— What the exercise asks —
Every line holding the word "diameter" should be copied from the material.

■ ■ ■

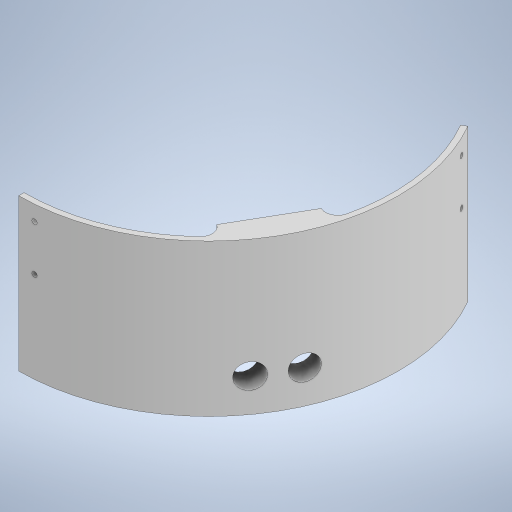
# Autodesk Inventor part: newbody6
Saved by Autodesk Inventor 2023 (Build 270158000, 158)
## iProperties
Created: 2022-11-17
Part Number: newbody6
Material: 一般
Document SubType Name: Modeling
Designer: 野口　裕太
Density: 1 g/cm^3
Appearance: 既定
Author: 野口　裕太
Autodesk Inventor part; units mm, degrees
ref_plane "YZ Plane" through (0, 0, 0) normal (1, 0, 0) x (0, 1, 0)
ref_plane "XZ Plane" through (0, 0, 0) normal (0, 1, 0) x (-1, 0, 0)
ref_plane "XY Plane" through (0, 0, 0) normal (0, 0, 1) x (1, 0, 0)
sketch "スケッチ1" plane through (0, 0, 0) normal (0, 1, 0) x (-1, 0, 0)
  circle A0 centre (0, 0) radius 125
  dimension "d0" = 250
  constraints: 1 centre point, 1 coincident
  measures "d0" diameter of A0
extrude "押し出し1" add sketch "スケッチ1" along normal blind 375
sketch "スケッチ2" plane through (0, 0, 0) normal (0, -1, 0) x (1, 0, 0)
  circle A0 centre (0, 0) radius 125
  constraints: 1 centre point, 1 coincident
extrude "押し出し2" cut sketch "スケッチ2" against normal blind 40
sketch "スケッチ3" plane through (0, 40, 0) normal (0, -1, 0) x (1, 0, 0)
  circle A0 centre (0, 0) radius 125 projected
  point P0 (0, 100)
  point P1 (-86.6025, -50)
  point P2 (86.6025, -50)
  dimension "d5" = 100
  dimension "d8" = 360
  constraints: 4 other
  measures "d5" distance of point (0, 100) A0.centre
hole "穴1" at (0, 40, 100) at (-86.6025, 40, -50) at (86.6025, 40, -50) direction (0, 1, 0) diameter 3.2 depth 8
sketch "スケッチ4" plane through (0, 40, 0) normal (0, -1, 0) x (1, 0, 0)
  circle A0 centre (0, 100) radius 1.6 projected
  point P0 (0, 0)
  point P1 (0, 110)
  point P2 (-95.2628, -55)
  point P3 (95.2628, -55)
  dimension "d17" = 10
  dimension "d20" = 360
  constraints: 4 other
  measures "d17" distance of A0.centre point (0, 110)
hole "穴2" at (0, 40, 110) at (-95.2628, 40, -55) at (95.2628, 40, -55) direction (0, 1, 0) diameter 3.2 depth 8
sketch "スケッチ5" plane through (0, 375, 0) normal (0, 1, 0) x (1, 0, 0)
  circle A0 centre (0, 0) radius 120
  dimension "d29" = 240
  constraints: 1 centre point, 1 coincident
  measures "d29" diameter of A0
extrude "押し出し3" cut sketch "スケッチ5" against normal blind 330
sketch "スケッチ6" plane through (0, 45, 0) normal (0, 1, 0) x (1, 0, 0)
  circle A0 centre (0, 0) radius 120 projected
  line L0 (0, -118) -> (-21.8174, -118)
  line L1 (0, -118) -> (21.8174, -118)
  arc A1 (21.8174, -118) -> (-21.8174, -118) centre (0, 0) ccw
  arc A2 (-21.8174, -118) -> (21.8174, -118) centre (0, 0) ccw
  arc A3 (113.0997, 40.1056) -> (91.2823, 77.8944) centre (0, 0) ccw
  line L2 (102.191, 59) -> (91.2823, 77.8944)
  line L3 (102.191, 59) -> (113.0997, 40.1056)
  arc A4 (-91.2823, 77.8944) -> (-113.0997, 40.1056) centre (0, 0) ccw
  line L4 (-102.191, 59) -> (-113.0997, 40.1056)
  line L5 (-102.191, 59) -> (-91.2823, 77.8944)
  point P0 (-91.2823, 77.8944)
  point P1 (-113.0997, 40.1056)
  point P2 (113.0997, 40.1056)
  point P3 (91.2823, 77.8944)
  dimension "d32" = 118
  dimension "d35" = 360
  constraints: 12 end point, 10 point on circle, 4 centre point, 2 horizontal, 1 coincident, 1 concentric, 22 other
  measures "d32" distance of A0.centre L0.start
extrude "押し出し4" add sketch "スケッチ6" along normal blind 330 contours L3 L2 A0 | A0 L0 L1 | L5 L4 A0
sketch "スケッチ8" plane through (21.8174, 45, 118) normal (0, 0, -1) x (-1, 0, 0)
  line L0 (43.6348, 0) -> (0, 0) projected
  point P0 (21.8174, -45)
  point P1 (11.8174, 60)
  point P2 (31.8174, 60)
  point P3 (11.8174, 90)
  point P4 (31.8174, 90)
  dimension "d52" = 30
  dimension "d90" = 60
  dimension "d91" = 60
  dimension "d92" = 30
  measures "d52" distance of point (11.817, 90) point (11.817, 60)
  measures "d90" distance from line of L0 point (11.817, 60)
  measures "d91" distance from line of L0 point (31.817, 60)
  measures "d92" distance of point (31.817, 60) point (31.817, 90)
hole "穴4" at (10, 105, 118) at (-10, 105, 118) at (10, 135, 118) at (-10, 135, 118) direction (0, 0, 1) diameter 3.2 depth 8
sketch "スケッチ11" plane through (113.0997, 45, -40.1056) normal (-0.8660254, 0, 0.5) x (0.5, 0, 0.8660254)
  line L0 (0, 0) -> (-43.6348, 0) projected
  point P0 (-21.8174, -45)
  point P1 (-31.8174, 60)
  point P2 (-31.8174, 90)
  point P3 (-11.8174, 60)
  point P4 (-11.8174, 90)
  dimension "d65" = 30
  dimension "d95" = 60
  dimension "d96" = 60
  dimension "d98" = 30
  measures "d65" distance of point (-31.817, 60) point (-31.817, 90)
  measures "d95" distance from line of L0 point (-31.817, 60)
  measures "d96" distance from line of L0 point (-11.817, 60)
  measures "d98" distance of point (-11.817, 60) point (-11.817, 90)
hole "穴5" at (97.191, 105, -67.6603) at (97.191, 135, -67.6603) at (107.191, 135, -50.3397) at (107.191, 105, -50.3397) direction (0.8660254, 0, -0.5) diameter 3.2 depth 8
sketch "スケッチ12" plane through (0, 375, 0) normal (0, 1, 0) x (1, 0, 0)
  circle A0 centre (0, 0) radius 121.5
  dimension "d73" = 243
  constraints: 1 centre point, 1 coincident
  measures "d73" diameter of A0
extrude "押し出し6" cut sketch "スケッチ12" against normal blind 330
sketch "スケッチ13" plane through (0, 375, 0) normal (0, 1, 0) x (1, 0, 0)
  circle A0 centre (0, 0) radius 125 projected
  line L0 (0, -125) -> (0, 0)
  line L1 (0, 0) -> (108.2532, 62.5)
  arc A1 (0, -125) -> (108.2532, 62.5) centre (0, 0) ccw
  circle A2 centre (0, 0) radius 125
  dimension "d76" = 125
  dimension "d77" = 120
  constraints: 4 end point, 2 centre point, 2 point on circle, 1 coincident, 1 concentric, 1 vertical, 3 other
  measures "d76" distance of L0.end L1.end
  measures "d77" angle of L0 L1
extrude "押し出し7" cut sketch "スケッチ13" against normal blind 400 contours L1 L0 A0 picked at (69.3351, 45.9431)
sketch "スケッチ14" plane through (0, 45, 0) normal (0, 1, 0) x (1, 0, 0)
  line L0 (0, 0) -> (85.2169, 49.2) projected
  line L1 (0, -111.6) -> (0, -121.5) projected
  circle A0 centre (0, 0) radius 121.5
  constraints: 1 coincident, 1 vertical alignment, 2 other
extrude "押し出し8" cut sketch "スケッチ14" against normal blind 400
sketch "スケッチ15" plane through (0, 40, 0) normal (0, -1, 0) x (1, 0, 0)
  line L0 (0, 0) -> (105.2221, 60.75)
  arc A0 (105.2221, -60.75) -> (0, 121.5) centre (0, 0) ccw projected
  line L1 (0, 0) -> (121.5, 0) construction
  line L2 (102.9357, 59.43) -> (115.531, 37.6143)
  line L3 (102.9357, 59.43) -> (90.3404, 81.2456)
  dimension "d82" = 30
  constraints: 8 end point, 3 point on circle, 2 point on line, 1 equal length, 1 horizontal
  measures "d82" angle of L1 L0
extrude "押し出し9" add sketch "スケッチ15" against normal blind 335
sketch "スケッチ17" plane through (0, 40, 0) normal (0, -1, 0) x (1, 0, 0)
  circle A0 centre (0, 0) radius 125
  constraints: 1 centre point, 1 coincident
extrude "押し出し11" cut sketch "スケッチ17" against normal blind 5
sketch "スケッチ18" plane through (90.3404, 45, 81.2456) normal (-0.8660254, 0, -0.5) x (-0.5, 0, 0.8660254)
  line L0 (-50.3812, 0) -> (0, 0) projected
  circle A0 centre (-38.3406, 22) radius 8.2
  line L1 (-25.1906, 22) -> (-25.1906, 25.3676)
  circle A1 centre (-12.0406, 22) radius 8.2
  point P0 (-25.1906, -45)
  dimension "d99" = 22
  dimension "d100" = 16.4
  dimension "d101" = 13.15
  constraints: 2 centre point, 2 end point, 1 symmetric about line, 1 vertical, 1 other
  measures "d99" distance from line of L0 L1.start
  measures "d100" diameter of A0
  measures "d101" distance of L1.start A0.centre
extrude "押し出し12" cut sketch "スケッチ18" against normal blind 10
sketch "スケッチ19" plane through (0, 375, 0) normal (0, 1, 0) x (1, 0, 0)
  arc A0 (115.531, -37.6143) -> (105.2221, 60.75) centre (0, 0) ccw projected
  line L0 (115.531, -37.6143) -> (90.3404, -81.2456) projected
  line L1 (115.531, -37.6143) -> (90.3404, -81.2456)
  line L2 (90.3404, -81.2456) -> (81.6802, -76.2456)
  line L3 (115.531, -37.6143) -> (106.8708, -32.6143)
  line L4 (106.8708, -32.6143) -> (81.6802, -76.2456)
  dimension "d104" = 10
  constraints: 8 end point, 2 perpendicular, 1 collinear
  measures "d104" distance of L0.end L2.end
extrude "押し出し13" add sketch "スケッチ19" against normal blind 330
sketch "スケッチ20" plane through (106.8708, 45, 32.6143) normal (-0.8660254, 0, -0.5) x (-0.5, 0, 0.8660254)
  circle A0 centre (12.0406, 22) radius 8.2 projected
  circle A1 centre (12.0406, 22) radius 8.2
  circle A2 centre (38.3406, 22) radius 8.2 projected
  circle A3 centre (38.3406, 22) radius 8.2
  point P0 (25.1906, -45)
  constraints: 2 centre point, 2 coincident
extrude "押し出し14" cut sketch "スケッチ20" against normal blind 330
fillet "フィレット1" radius 8 2 edges at (115.531, 210, 37.6143) (90.3404, 210, 81.2456)
sketch "スケッチ21" plane through (0, 375, 0) normal (0, 1, 0) x (1, 0, 0)
  circle A0 centre (0, 0) radius 125
  constraints: 1 centre point, 1 coincident
extrude "押し出し15" cut sketch "スケッチ21" against normal blind 230
sketch "スケッチ22" plane through (106.8708, 45, 32.6143) normal (-0.8660254, 0, -0.5) x (-0.5, 0, 0.8660254)
  line L0 (50.3812, 100) -> (0, 100) projected
  line L1 (25.1906, 85) -> (25.1906, 67.2228)
  point P0 (25.1906, -45)
  point P1 (10.1906, 85)
  point P2 (10.1906, 70)
  point P3 (40.1906, 85)
  point P4 (40.1906, 70)
  dimension "d112" = 15
  dimension "d113" = 15
  dimension "d114" = 15
  dimension "d115" = 15
  constraints: 2 end point, 2 symmetric about line, 1 vertical
  measures "d112" distance from line of L1.start L0
  measures "d113" distance of L1.start point (10.191, 85)
  measures "d114" distance of point (10.191, 85) point (10.191, 70)
  measures "d115" distance from line of L1 point (10.191, 70)
hole "穴6" at (101.7755, 130, 41.4396) at (101.7755, 115, 41.4396) at (86.7755, 130, 67.4204) at (86.7755, 115, 67.4204) direction (0.8660254, 0, 0.5) diameter 2.6 depth 10
sketch "スケッチ23" plane through (0, 45, 0) normal (0, -1, 0) x (1, 0, 0)
  arc A0 (118.386, 27.3315) -> (106.8708, 32.6143) centre (110.591, 25.5319) ccw projected
  line L0 (106.8708, 32.6143) -> (94.2755, 54.4299)
  line L1 (81.6802, 76.2456) -> (106.8708, 32.6143) projected
  line L2 (106.8708, 32.6143) -> (132.0613, 32.6143) construction
  line L3 (94.2755, 54.4299) -> (101.2037, 58.4299)
  line L4 (101.2037, 58.4299) -> (96.2037, 67.0902)
  line L5 (101.2037, 58.4299) -> (111.2037, 58.4299) construction
  line L6 (96.2037, 67.0902) -> (106.2037, 49.7696)
  point P0 (0, 0)
  dimension "d123" = 25.1905
  dimension "d124" = 120
  dimension "d125" = 8
  dimension "d126" = 90
  dimension "d127" = 10
  dimension "d128" = 120
  dimension "d129" = 20
  constraints: 12 end point, 3 coincident, 2 equal length, 2 horizontal, 1 collinear, 1 perpendicular, 1 point on line
  measures "d123" distance of L0.start L0.end
  measures "d124" angle of L2 L0
  measures "d125" distance of L0.end L3.end
  measures "d126" angle of L0 L3
  measures "d127" distance of L4.start L4.end
  measures "d128" angle of L5 L4
  measures "d129" distance of L4.end L6.end
hole "穴7" at (101.2037, 45, 58.4299) at (96.2037, 45, 67.0902) at (106.2037, 45, 49.7696) direction (0, 1, 0) diameter 3.2 depth 10

■ ■ ■

— Result of the exercise —
  measures "d0" diameter of A0
hole "穴1" at (0, 40, 100) at (-86.6025, 40, -50) at (86.6025, 40, -50) direction (0, 1, 0) diameter 3.2 depth 8
hole "穴2" at (0, 40, 110) at (-95.2628, 40, -55) at (95.2628, 40, -55) direction (0, 1, 0) diameter 3.2 depth 8
  measures "d29" diameter of A0
hole "穴4" at (10, 105, 118) at (-10, 105, 118) at (10, 135, 118) at (-10, 135, 118) direction (0, 0, 1) diameter 3.2 depth 8
hole "穴5" at (97.191, 105, -67.6603) at (97.191, 135, -67.6603) at (107.191, 135, -50.3397) at (107.191, 105, -50.3397) direction (0.8660254, 0, -0.5) diameter 3.2 depth 8
  measures "d73" diameter of A0
  measures "d100" diameter of A0
hole "穴6" at (101.7755, 130, 41.4396) at (101.7755, 115, 41.4396) at (86.7755, 130, 67.4204) at (86.7755, 115, 67.4204) direction (0.8660254, 0, 0.5) diameter 2.6 depth 10
hole "穴7" at (101.2037, 45, 58.4299) at (96.2037, 45, 67.0902) at (106.2037, 45, 49.7696) direction (0, 1, 0) diameter 3.2 depth 10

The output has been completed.